Were you at Ft. Knox for boot camp (Misery, Agony and Heartbreak) or guarding the gold stash?


Wasn't boot camp. I was a fairly freshly minted Second John taking a re-
orientation course in the newly reorganized armored corps, replete with new tanks etc.etc. We were a group of ossifers ranking from the lowliest (me) all the way to a Light Colonel who, I guess, needed re-orienting.

Then, from the blue grass of Kentucky, they shipped me up to the blue lips and fingertips country of Fort Drum, NY. Louisville, I trow, has recovered from the onslaught but I doubt that Watertown, NY will ever be the same.
Debacle
 
  1  
Reply Mon 1 Jul, 2013 08:11 pm
@Lustig Andrei,
You were fortunate, Andy, not having to hike those three hills with a 70-lb. pack and a DI shoving you all the way.

I was also lucky in that regard. I went from Louisville to San Antonio where I learned to fly a USAF desk. Then for a short tour in the Azores and eventually to Madrid for a little over two years.
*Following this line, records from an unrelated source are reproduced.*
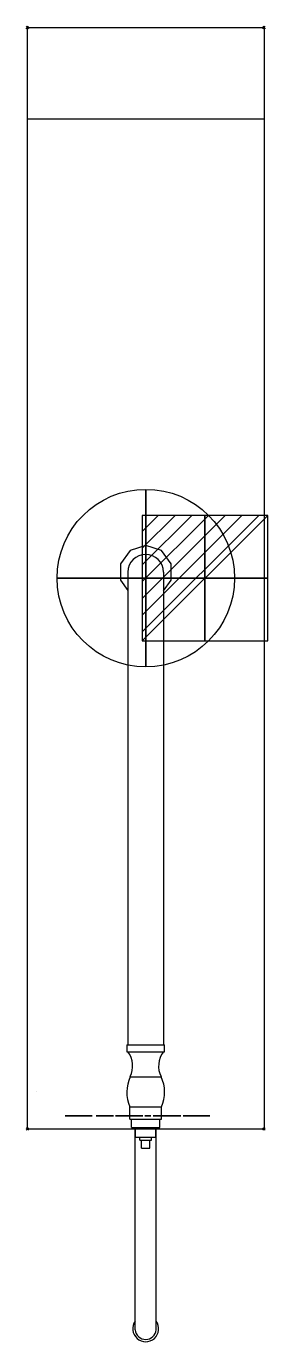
# Model space of a CAD drawing. Header units: millimetres. Extents: x -1 to 203, y -1110 to 1.
import ezdxf

# ---------------------------------------------------------------- set-up
doc = ezdxf.new("R2010")
doc.units = ezdxf.units.MM
doc.header["$PDMODE"] = 3
for name, color, linetype in [('IQ_200_2D', 1, 'Continuous'), ('IQ_204_2D', 7, 'Continuous'), ('IQ_BLACK_3D', 250, 'Continuous'), ('IQ_CON_COLDWATER_INT', 7, 'Continuous'), ('IQ_CON_ELECTRICITY_INT', 7, 'Continuous'), ('IQ_DARKGRAY_3D', 252, 'Continuous'), ('IQ_INS_3D', 3, 'Continuous')]:
    doc.layers.add(name, color=color, linetype=linetype)

# ---------------------------------------------------------------- blocks, each defined once
blk = doc.blocks.new('*X3')
at = {"color": 0}
for p, q in [((286.774344, 2204.447934), (296.618251, 2214.291842)), ((286.774344, 2205.862148), (295.204037, 2214.291842)), ((286.774344, 2207.276361), (293.789824, 2214.291842)), ((286.774344, 2208.690575), (292.37561, 2214.291842)), ((286.774344, 2210.104788), (290.961397, 2214.291842)), ((286.774344, 2211.519002), (289.547183, 2214.291842)), ((286.774344, 2212.933216), (288.13297, 2214.291842))]:
    blk.add_line(p, q, dxfattribs=at)
blk = doc.blocks.new('ELECTRICITY')
for p, q in [((2.121, 2.121), (-2.121, 2.121)), ((-2.121, 2.121), (-2.121, -2.121)), ((-2.121, -2.121), (2.121, 2.121)), ((2.121, -2.121), (2.121, 2.121)), ((-2.121, -2.121), (2.121, -2.121))]:
    blk.add_line(p, q)
at = {"extrusion": (-1, 0, 0)}
for p, q in [((0, -2.121, 2.121), (0, 2.121, 2.121)), ((0, 2.121, -2.121), (0, -2.121, -2.121)), ((0, 2.121, 2.121), (0, 2.121, -2.121)), ((0, 2.121, -2.121), (0, -2.121, 2.121)), ((0, -2.121, -2.121), (0, -2.121, 2.121))]:
    blk.add_line(p, q, dxfattribs=at)
at = {"extrusion": (0, -1, 0)}
for p, q in [((2.121, 0, 2.121), (-2.121, 0, 2.121)), ((-2.121, 0, -2.121), (2.121, 0, -2.121)), ((-2.121, 0, 2.121), (-2.121, 0, -2.121)), ((-2.121, 0, -2.121), (2.121, 0, 2.121)), ((2.121, 0, -2.121), (2.121, 0, 2.121))]:
    blk.add_line(p, q, dxfattribs=at)
at = {"xscale": 0.4000000000000909, "yscale": 0.4000000000000909, "zscale": 0.4000000000000909}
blk.add_blockref('*X3', (-116.831, -883.595), dxfattribs=at)
at = {"extrusion": (-1, 0, 0), "xscale": 0.3999999999999773, "yscale": 0.3999999999999773, "zscale": 0.3999999999999773}
blk.add_blockref('*X3', (-116.831, -883.595), dxfattribs=at)
at = {"extrusion": (0, -1, 0), "xscale": 0.4000000000000909, "yscale": 0.4000000000000909, "zscale": 0.4000000000000909}
blk.add_blockref('*X3', (-116.831, -883.595), dxfattribs=at)
blk = doc.blocks.new('COLDWATER')
blk.add_circle((0, 0), 3)
at = {"extrusion": (-1, 0, 0)}
blk.add_circle((0, 0), 3, dxfattribs=at)
at = {"extrusion": (0, 1, 0)}
blk.add_circle((0, 0), 3, dxfattribs=at)
blk = doc.blocks.new('ELX_Panel2Button')
blk.add_line((-92.5, -33), (-92.5, -33, -0.1))
blk = doc.blocks.new('LogoELXProf1')
at = {"color": 0}
for points, invisible_edges in [([(10.8, 0), (10.8, -2.8), (3, -2.8), (0, 0)], 4), ([(3, -6.9), (0, -11.9), (0, 0), (3, -2.8)], 5), ([(13.1, 0), (16.1, 0), (13.1, -8.2)], 2), ([(16.1, -17.4), (13.1, -17.4), (13.1, -8.2), (16.1, 0)], 4), ([(46.3, 0), (49.3, 0), (49.3, -4.8), (46.3, -12.2)], 4), ([(78.3, 0), (81.3, 0), (78.3, -7.9)], 2), ([(81.3, -17.4), (78.3, -17.4), (78.3, -7.9), (81.3, 0)], 4), ([(0, -11.9), (3, -6.9), (3, -9.8), (3, -12)], 11), ([(0, -11.9), (3, -12), (3, -12.5), (0.1, -13.1)], 5), ([(3, -12.5), (3.1, -12.9), (0.1, -13.1)], 14), ([(10.3, -6.9), (10.3, -9.8), (3, -9.8), (3, -6.9)], 4), ([(18, -11.1), (18.2, -9.5), (21.2, -9.7), (21.1, -11.9)], 14), ([(18.2, -12.8), (18, -11.1), (21.1, -11.9), (21.2, -12.7)], 10), ([(21.2, -9.7), (18.2, -9.5), (18.7, -8), (21.3, -9.1)], 5), ([(21.2, -12.7), (21.5, -13.4), (18.7, -14.2), (18.2, -12.8)], 10), ([(21.6, -8.5), (21.3, -9.1), (18.7, -8), (19.5, -6.8)], 10), ([(19.5, -6.8), (20.5, -5.8), (22, -8), (21.6, -8.5)], 10), ([(20.5, -5.8), (21.7, -5), (22.6, -7.6), (22, -8)], 10), ([(21.1, -11.9), (21.2, -9.7), (27.9, -9.7), (30.9, -11.9)], 5), ([(23.2, -7.3), (21.7, -5), (23.2, -4.6), (23.9, -7.1)], 5), ([(22.6, -7.6), (21.7, -5), (23.2, -7.3)], 3), ([(24.7, -4.4), (24.7, -7), (23.9, -7.1), (23.2, -4.6)], 5), ([(25.4, -7), (24.7, -4.4), (26.2, -4.7), (26, -7.2)], 5), ([(24.7, -7), (24.7, -4.4), (25.4, -7)], 3), ([(26, -7.2), (26.2, -4.7), (27.5, -5.2), (26.5, -7.5)], 5), ([(26.5, -7.5), (27.5, -5.2), (28.6, -5.9), (27, -7.8)], 5), ([(28.6, -5.9), (29.5, -6.8), (27.4, -8.2), (27, -7.8)], 10), ([(27.7, -8.7), (27.4, -8.2), (29.5, -6.8), (30.2, -7.9)], 10), ([(27.8, -9.2), (27.7, -8.7), (30.2, -7.9)], 14), ([(27.8, -9.2), (30.2, -7.9), (30.7, -9.1), (27.9, -9.7)], 5), ([(27.9, -9.7), (30.7, -9.1), (30.9, -10.4), (30.9, -11.9)], 9), ([(32.7, -9.5), (33.2, -8.1), (35.6, -10.1), (32.5, -11.1)], 6), ([(32.5, -11.1), (35.6, -10.1), (35.5, -11.1)], 13), ([(32.7, -12.7), (32.5, -11.1), (35.6, -12), (33.2, -14.1)], 6), ([(32.5, -11.1), (35.5, -11.1), (35.6, -12)], 13), ([(35.9, -9.3), (35.6, -10.1), (33.2, -8.1), (34, -6.8)], 10), ([(35.9, -12.9), (34, -15.3), (33.2, -14.1), (35.6, -12)], 5), ([(36.3, -8.6), (34, -6.8), (35.1, -5.8), (36.9, -7.9)], 5), ([(35.9, -9.3), (34, -6.8), (36.3, -8.6)], 3), ([(36.4, -5), (37.7, -7.5), (36.9, -7.9), (35.1, -5.8)], 5), ([(37.7, -7.5), (36.4, -5), (37.8, -4.5), (38.5, -7.2)], 5), ([(39.4, -4.4), (38.5, -7.2), (37.8, -4.5)], 3), ([(39.4, -4.4), (40.8, -4.5), (39.4, -7.1), (38.5, -7.2)], 10), ([(40.8, -4.5), (42.1, -4.9), (40.4, -7.2), (39.4, -7.1)], 10), ([(42.1, -4.9), (43.3, -5.6), (41.2, -7.5), (40.4, -7.2)], 10), ([(43.3, -5.6), (44.5, -6.6), (41.9, -7.9), (41.2, -7.5)], 10), ([(42.6, -8.5), (41.9, -7.9), (44.5, -6.6)], 2), ([(49.3, -7.5), (49.3, -12), (46.3, -12.2), (49.3, -4.8)], 14), ([(46.3, -12.2), (49.3, -12), (49.4, -12.5)], 13), ([(49.4, -12.5), (49.5, -12.9), (46.5, -13.3), (46.3, -12.2)], 10), ([(49.3, -4.8), (52.1, -4.8), (52.1, -7.5), (49.3, -7.5)], 8), ([(54.6, -4.8), (57.6, -4.8), (57.6, -6.7)], 12), ([(54.6, -4.8), (57.6, -6.7), (57.9, -9.2), (57.6, -10)], 11), ([(57.6, -10.8), (54.6, -4.8), (57.6, -10)], 3), ([(57.6, -10.8), (57.6, -17.4), (54.6, -17.4), (54.6, -4.8)], 8), ([(58.2, -5.9), (59, -5.3), (59.4, -7.7), (57.6, -6.7)], 6), ([(58.8, -8.1), (58.2, -8.6), (57.6, -6.7)], 14), ([(59.4, -7.7), (58.8, -8.1), (57.6, -6.7)], 14), ([(58.2, -8.6), (57.9, -9.2), (57.6, -6.7)], 14), ([(60.1, -7.5), (59, -5.3), (59.9, -4.9), (61, -7.4)], 5), ([(60.1, -7.5), (59.4, -7.7), (59, -5.3)], 14), ([(61, -4.6), (62.2, -4.6), (61, -7.4), (59.9, -4.9)], 6), ([(62.2, -4.6), (62.2, -7.5), (61, -7.4)], 12), ([(65.6, -11.1), (62.8, -12.7), (62.7, -11.1), (62.8, -9.6)], 9), ([(62.8, -9.6), (63.4, -8.1), (65.7, -10.2), (65.6, -11.1)], 10), ([(62.8, -12.7), (65.6, -11.1), (65.7, -12), (63.4, -14.1)], 5), ([(66, -9.4), (65.7, -10.2), (63.4, -8.1), (64.2, -6.9)], 10), ([(66, -12.9), (63.4, -14.1), (65.7, -12)], 3), ([(64.2, -6.9), (65.2, -5.9), (66.5, -8.6), (66, -9.4)], 10), ([(65.2, -5.9), (66.5, -5.1), (67.1, -8), (66.5, -8.6)], 10), ([(66.5, -5.1), (68, -4.6), (67.8, -7.6), (67.1, -8)], 10), ([(68.6, -7.3), (67.8, -7.6), (68, -4.6), (69.5, -4.4)], 10), ([(69.5, -4.4), (69.5, -7.2), (68.6, -7.3)], 13), ([(69.5, -4.4), (71.1, -4.6), (70.5, -7.3), (69.5, -7.2)], 10), ([(71.1, -4.6), (72.6, -5.1), (71.3, -7.6), (70.5, -7.3)], 10), ([(72.6, -5.1), (73.8, -5.9), (72, -8), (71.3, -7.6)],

But perhaps you got to climb Heartbreak Hill afterall. In Beantown, that is.
Lustig Andrei
 
  1  
Reply Mon 1 Jul, 2013 08:16 pm
@Debacle,
In Beantown, yes. The Pentagon had the good sense to never send me overseas.
Debacle
 
  1  
Reply Mon 1 Jul, 2013 08:25 pm
@Lustig Andrei,
I guess you missed this action also, Andy. You are among the elite few to have seen Cherokee Park in it's prime. Of course, you were probably fairly well primed yourself when you saw it. Seeing it several times at once.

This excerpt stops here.